The Yankees' winter strategy was to sit back, let other teams win the big auctions, and look for flea market bargains. It might work. But it's the strategy of the Kansas City Royals. A great perk of being a Yankee fan used to be that we never had to worry about how much a player was being paid. The team let us escape the financial stresses that rule our lives. Those days are gone, and the Yankees want us to blame Jacoby Ellsbury. Well, not on this website.

Still, 94 wins should get us a Wild Card. I just wonder how Andujar's wrist feels today?

*NOTE: Late-reporting precincts have lowered this number to 93.4 wins.

Monday, March 25, 2019

85 wins, third place, no pennant, no post-season... I see, gulp, darkness at the edge of April

It's time to post our expectations for the 2019 season.

I - (state your name) - El Duque, hereby project the Yankees to win 85 games this year and finish out of the running, beaten and bedraggled, a dismal, wretched season of injuries and failure, only made bearable by the escape offered by our bile-laden mockery.  

Damn, I hope I'm wrong. I hope that in your comments and predictions, you will change my mind. But this morning, the boiled turnip roots - left beneath my pillow overnight with a once-chewed Chiclet and the monkey schlong - failed to turn blue, signifying trouble ahead. I cannot ignore science. Also, there are these concerns:  

1. First and foremost, injuries. It's one thing to lose aging vets. It's another to lose standard-issue steel-toed boots, who should be entering their primes. Aaron Hicks' back has mystified both him and the team apothecary. The worry is not that he'll miss a month; it's that he'll return as Zolio Almonte with a shaved noggin. Same goes for Luis Severino and Dellin Betances, who looks particularly drained. If these were the only tweaks, I'd add 10 wins to the projection. But the two pillars of our team - Aaron Judge and Gioncarlo Stanton - have been DL tenants throughout their careers. Why should we expect otherwise? Every team faces injuries. But the Yankees - as shown by yesterday's trade for a career minor league CF - have lost their depth. In 24 hours, we went from Hicks to Mike Tauchman. Does John Sterling have a homer-holler ready? 
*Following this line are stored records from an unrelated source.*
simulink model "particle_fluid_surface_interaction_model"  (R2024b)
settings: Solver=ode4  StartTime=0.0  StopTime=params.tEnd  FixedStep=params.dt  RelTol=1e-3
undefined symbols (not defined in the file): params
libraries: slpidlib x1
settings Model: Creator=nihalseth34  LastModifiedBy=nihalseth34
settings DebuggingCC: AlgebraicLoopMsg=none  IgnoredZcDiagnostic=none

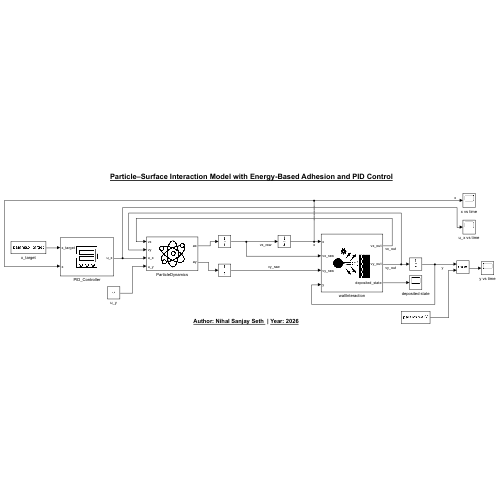
[thumbnail: Simulink's stored preview of the top-level diagram]
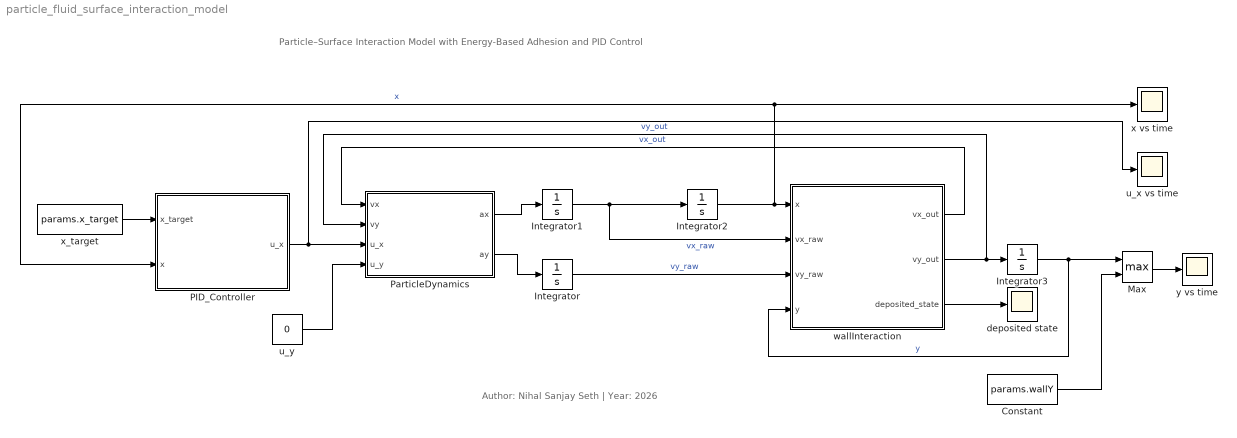
== system particle_fluid_surface_interaction_model ==
  note: Author: Nihal Sanjay Seth | Year: 2026
  note: Particle–Surface Interaction Model with Energy-Based Adhesion and PID Control
  Constant : Constant  Value=params.wallY
  Integrator : Integrator  ZeroCross=off
  Integrator1 : Integrator  InitialCondition=1
  Integrator2 : Integrator
  Integrator3 : Integrator  InitialCondition=1
  Max : MinMax  Function=max  Inputs=2
  PID_Controller : Subsystem
      mask Display: image('mask_images\PID_controller.png', [0,0,0,0,80,80]);
  ParticleDynamics : Subsystem
      mask Display: image('mask_images\ParticleDynamics.png', [0,0,0,0,80,80]);
  deposited state : Scope
  u_x vs time : Scope
  u_y : Constant  Value=0
  wallInteraction : Subsystem
      mask Display: image('mask_images\wallInteraction.png', [0,0,0,0,80,80]);
  x vs time : Scope
  x_target : Constant  Value=params.x_target
  y vs time : Scope
  wires:
  Integrator1/1 -> wallInteraction/2(vx_raw), Integrator2/1  "vx_raw"
  Integrator/1 -> wallInteraction/3(vy_raw)  "vy_raw"
  ParticleDynamics/1(ax) -> Integrator1/1
  ParticleDynamics/2(ay) -> Integrator/1
  Integrator2/1 -> x vs time/1, PID_Controller/2(x), wallInteraction/1(x)  "x"
  wallInteraction/1(vx_out) -> ParticleDynamics/1(vx)  "vx_out"
  wallInteraction/3(deposited_state) -> deposited state/1
  PID_Controller/1(u_x) -> u_x vs time/1, ParticleDynamics/3(u_x)
  x_target/1 -> PID_Controller/1(x_target)
  u_y/1 -> ParticleDynamics/4(u_y)
  wallInteraction/2(vy_out) -> Integrator3/1, ParticleDynamics/2(vy)  "vy_out"
  Integrator3/1 -> Max/1, wallInteraction/4(y)  "y"
  Max/1 -> y vs time/1
  Constant/1 -> Max/2

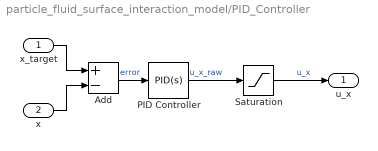
== system particle_fluid_surface_interaction_model/PID_Controller ==
  x_target : Inport
  x : Inport  Port=2
  Add : Sum  Inputs=+-
  PID Controller : slpidlib/PID Controller  Controller=PID  Form=Parallel  TimeDomain=Continuous-time  UseExternalTs=off  SampleTime=params.dt  IntegratorMethod=Forward Euler  FilterMethod=Forward Euler  ControllerParametersSource=internal  P=params.Kp  I=params.Ki  UseKiTs=off  D=params.Kd  UseExternalDerivativeSource=off  N=100  UseFilter=on  TunerSelectOption=Transfer Function Based (PID Tuner App)  InitialConditionSource=internal  InitialConditionForIntegrator=0  InitialConditionForFilter=0  DifferentiatorICPrevScaledInput=0  ExternalReset=none  TrackingMode=off  Kt=1  LimitOutput=off  SatLimitsSource=internal  UpperSaturationLimit=inf  LowerSaturationLimit=-inf  LinearizeAsGain=on  AntiWindupMode=none  Kb=1  LimitIntegrator=off  UpperIntegratorSaturationLimit=inf  LowerIntegratorSaturationLimit=-inf  POutMin=[]  POutMax=[]  IOutMin=[]  IOutMax=[]  DOutMin=[]  DOutMax=[]  NOutMin=[]  NOutMax=[]  SumOutMin=[]  SumOutMax=[]  SaturationOutMin=[]  SaturationOutMax=[]  PParamMin=[]  PParamMax=[]  IParamMin=[]  IParamMax=[]  DParamMin=[]  DParamMax=[]  NParamMin=[]  NParamMax=[]  KbParamMin=[]  KbParamMax=[]  KtParamMin=[]  KtParamMax=[]  KbOutMin=[]  KbOutMax=[]  KtOutMin=[]  KtOutMax=[]  IntegratorOutMin=[]  IntegratorOutMax=[]  FilterOutMin=[]  FilterOutMax=[]  SumI1OutMin=[]  SumI1OutMax=[]  SumI2OutMin=[]  SumI2OutMax=[]  SumI3OutMin=[]  SumI3OutMax=[]  SumI4OutMin=[]  SumI4OutMax=[]  SumDOutMin=[]  SumDOutMax=[]  DifferentiatorOutMin=[]  DifferentiatorOutMax=[]  FilterDiffOutCoefMin=[]  FilterDiffOutCoefMax=[]  ReciprocalOutMin=[]  ReciprocalOutMax=[]  SumDenOutMin=[]  SumDenOutMax=[]  SumNumOutMin=[]  SumNumOutMax=[]  DivideOutMin=[]  DivideOutMax=[]  UdiffTsProdOutMin=[]  UdiffTsProdOutMax=[]  NTsProdOutMin=[]  NTsProdOutMax=[]  UintegralTsProdOutMin=[]  UintegralTsProdOutMax=[]  UngainTsProdOutMin=[]  UngainTsProdOutMax=[]  ClampingZeroOutDataTypeStr=Inherit: Inherit via back propagation  ClampingZeroOutMin=[]  ClampingZeroOutMax=[]  FilterDenConstantOutDataTypeStr=Inherit: Inherit via back propagation  FilterDenConstantOutMin=[]  FilterDenConstantOutMax=[]  PCopyOutDataTypeStr=Inherit: Inherit via back propagation  PCopyOutMin=[]  PCopyOutMax=[]  NCopyOutDataTypeStr=Inherit: Inherit via back propagation  NCopyOutMin=[]  NCopyOutMax=[]  IntegratorContinuousStateAttributes=''  IntegratorStateMustResolveToSignalObject=off  IntegratorRTWStateStorageClass=Auto  FilterContinuousStateAttributes=''  FilterStateMustResolveToSignalObject=off  FilterRTWStateStorageClass=Auto  ParallelPVariant=InternalParameters  IdealPVariant=Disabled  IVariant=InternalParameters  DVariant=InternalParameters  IntegratorVariant=Continuous  SatVariant=Disabled  AWVariant=Passthrough  PCopyVariant=Disabled  TRVariant=Disabled  FdbkBlocksVariant=Forward  IdealPFdbkVariant=Disabled  SatFdbkVariant=Disabled  DerivativeFilterVariant=ContFilter  NVariant=InternalParameters  NCopyVariant=Disabled  FilterICVariant=InternalICsFilter  IntegratorICVariant=InternalICs  ExternalResetVariant=Disabled  TRSumVariant=Passthrough  SumFdbkVariant=Disabled  SumVariant=Sum_PID  TsampFilterVariant=InternalTs  TsampNgainVariant=Passthrough  TsampIntegralVariant=Disabled_SignalSpec  ExternalSaturationOutDataTypeStr=Inherit: Same as second input  DerivativeSourceVariant=ErrorSignal  PreIntVariant=InternalPreInt
  Saturation : Saturate  UpperLimit=params.u_max  LowerLimit=-params.u_max
  u_x : Outport
  wires:
  x_target/1 -> Add/1
  x/1 -> Add/2
  Add/1 -> PID Controller/1  "error"
  PID Controller/1 -> Saturation/1  "u_x_raw"
  Saturation/1 -> u_x/1  "u_x"

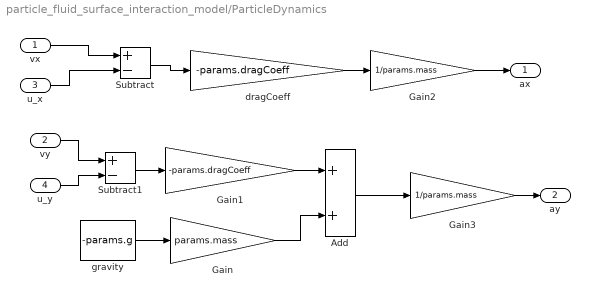
== system particle_fluid_surface_interaction_model/ParticleDynamics ==
  vx : Inport
  vy : Inport  Port=2
  u_x : Inport  Port=3
  u_y : Inport  Port=4
  Add : Sum
  Gain : Gain  Gain=params.mass
  Gain1 : Gain  Gain=-params.dragCoeff
  Gain2 : Gain  Gain=1/params.mass
  Gain3 : Gain  Gain=1/params.mass
  Subtract : Sum  Inputs=+-
  Subtract1 : Sum  Inputs=+-
  dragCoeff : Gain  Gain=-params.dragCoeff
  gravity : Constant  Value=-params.g
  ax : Outport
  ay : Outport  Port=2
  wires:
  vy/1 -> Subtract1/1
  u_x/1 -> Subtract/2
  u_y/1 -> Subtract1/2
  vx/1 -> Subtract/1
  Subtract/1 -> dragCoeff/1
  dragCoeff/1 -> Gain2/1
  Subtract1/1 -> Gain1/1
  Gain1/1 -> Add/1
  Gain2/1 -> ax/1
  gravity/1 -> Gain/1
  Gain3/1 -> ay/1
  Gain/1 -> Add/2
  Add/1 -> Gain3/1

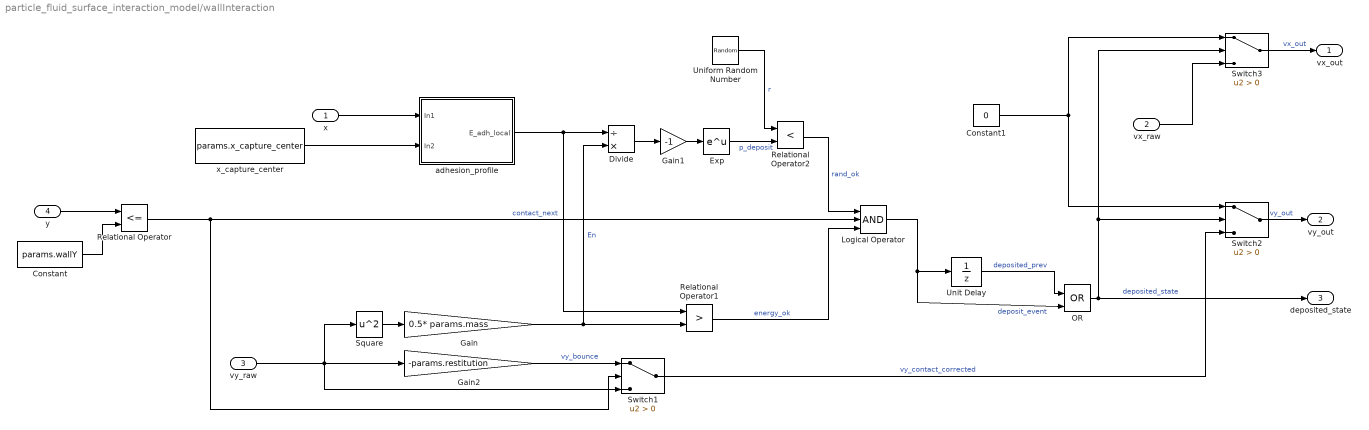
== system particle_fluid_surface_interaction_model/wallInteraction ==
  x : Inport
  vx_raw : Inport  Port=2
  vy_raw : Inport  Port=3
  y : Inport  Port=4
  Constant : Constant  Value=params.wallY
  Constant1 : Constant  Value=0
  Divide : Product  Inputs=/*
  Exp : Math
  Gain : Gain  Gain=0.5* params.mass
  Gain1 : Gain  Gain=-1
  Gain2 : Gain  Gain=-params.restitution
  Logical Operator : Logic  Inputs=3  AllPortsSameDT=off  OutDataTypeStr=boolean
  OR : Logic  Operator=OR  IconShape=distinctive  AllPortsSameDT=off  OutDataTypeStr=boolean
  Relational Operator : RelationalOperator  Operator=<=  OutDataTypeStr=boolean  RndMeth=Simplest  InputSameDT=off
  Relational Operator1 : RelationalOperator  Operator=>  OutDataTypeStr=boolean  RndMeth=Simplest  InputSameDT=off
  Relational Operator2 : RelationalOperator  Operator=<  OutDataTypeStr=boolean  RndMeth=Simplest  InputSameDT=off
  Square : Math  Operator=square
  Switch1 : Switch  Criteria=u2 > Threshold  SaturateOnIntegerOverflow=off  InputSameDT=off
  Switch2 : Switch  Criteria=u2 > Threshold  SaturateOnIntegerOverflow=off  InputSameDT=off
  Switch3 : Switch  Criteria=u2 > Threshold  SaturateOnIntegerOverflow=off  InputSameDT=off
  Uniform Random Number : UniformRandomNumber  Minimum=0  SampleTime=0.01
  Unit Delay : UnitDelay  SampleTime=-1  HasFrameUpgradeWarning=on
  adhesion_profile : Subsystem
  x_capture_center : Constant  Value=params.x_capture_center
  vx_out : Outport
  vy_out : Outport  Port=2
  deposited_state : Outport  Port=3
  wires:
  vy_raw/1 -> Switch1/3, Gain2/1, Square/1
  Divide/1 -> Gain1/1
  OR/1 -> Switch3/2, Switch2/2, deposited_state/1  "deposited_state"
  Relational Operator1/1 -> Logical Operator/3  "energy_ok"
  Constant/1 -> Relational Operator/2
  Gain1/1 -> Exp/1
  Gain/1 -> Divide/2, Relational Operator1/2  "En"
  Switch2/1 -> vy_out/1  "vy_out"
  Relational Operator2/1 -> Logical Operator/1  "rand_ok"
  Gain2/1 -> Switch1/1  "vy_bounce"
  Square/1 -> Gain/1
  Switch1/1 -> Switch2/3  "vy_contact_corrected"
  Exp/1 -> Relational Operator2/2  "p_deposit"
  y/1 -> Relational Operator/1
  Logical Operator/1 -> OR/2, Unit Delay/1  "deposit_event"
  Constant1/1 -> Switch3/1, Switch2/1
  vx_raw/1 -> Switch3/3
  Uniform Random Number/1 -> Relational Operator2/1  "r"
  Switch3/1 -> vx_out/1  "vx_out"
  Unit Delay/1 -> OR/1  "deposited_prev"
  Relational Operator/1 -> Logical Operator/2, Switch1/2  "contact_next"
  adhesion_profile/1(E_adh_local) -> Divide/1, Relational Operator1/1
  x/1 -> adhesion_profile/1(In1)
  x_capture_center/1 -> adhesion_profile/2(In2)

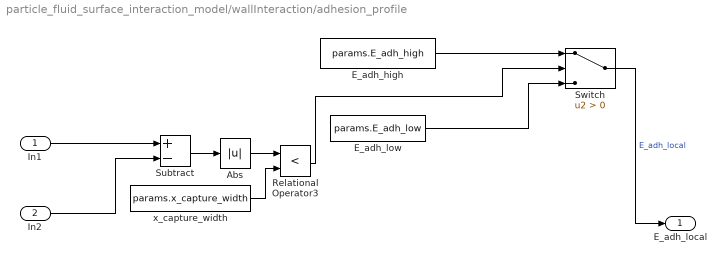
== system particle_fluid_surface_interaction_model/wallInteraction/adhesion_profile ==
  In1 : Inport
  In2 : Inport  Port=2
  Abs : Abs  SaturateOnIntegerOverflow=off
  E_adh_high : Constant  Value=params.E_adh_high
  E_adh_low : Constant  Value=params.E_adh_low
  Relational Operator3 : RelationalOperator  Operator=<  OutDataTypeStr=boolean  RndMeth=Simplest  InputSameDT=off
  Subtract : Sum  Inputs=+-
  Switch : Switch  Criteria=u2 > Threshold  SaturateOnIntegerOverflow=off  InputSameDT=off
  x_capture_width : Constant  Value=params.x_capture_width
  E_adh_local : Outport
  wires:
  x_capture_width/1 -> Relational Operator3/2
  Subtract/1 -> Abs/1
  E_adh_high/1 -> Switch/1
  Abs/1 -> Relational Operator3/1
  In1/1 -> Subtract/1
  E_adh_low/1 -> Switch/3
  In2/1 -> Subtract/2
  Relational Operator3/1 -> Switch/2
  Switch/1 -> E_adh_local/1  "E_adh_local"

2. The infield is a crap shot. Every slot is a question mark. Who's on first? Two players, neither of whom has succeeded over a full MLB season. At 2B, Torres still must prove he's the first-half Gleyber, not the Gleyber who returned in August. At SS, Troy Tulowitzi is a jolly good fellow, which nobody can deny. He's also a 34-year-old rehab project on the wrong side of Jeterhood. Does anyone think he'll last three months? And without spring training, what will be Didi be like? Third base will be fine... if Andujar's footwork has improved. If not, we have no Plan B. Instead, we go straight to Plan 9 from Outer Space: Cashman making deals.  

3. The front office has gaslighted the Yankiverse into thinking Gary "Yadier" Sanchez is one of the game's great catchers, as if his two-month arrival in 2016 has been substantiated by his play. It has not. This spring, "Elston" hit .222 with one homer. He is still young enough to become a fine, if not great, Yankee. But last year, I remember sterling testimonials written about "Pudge's" renewed commitment to the game. What happens when "Yogi" goes through a particularly tough stretch of passed balls? Everybody in baseball will be watching. He has no safety net for the critics. If he's hitting .200 in June, things will turn ugly for "Thurman."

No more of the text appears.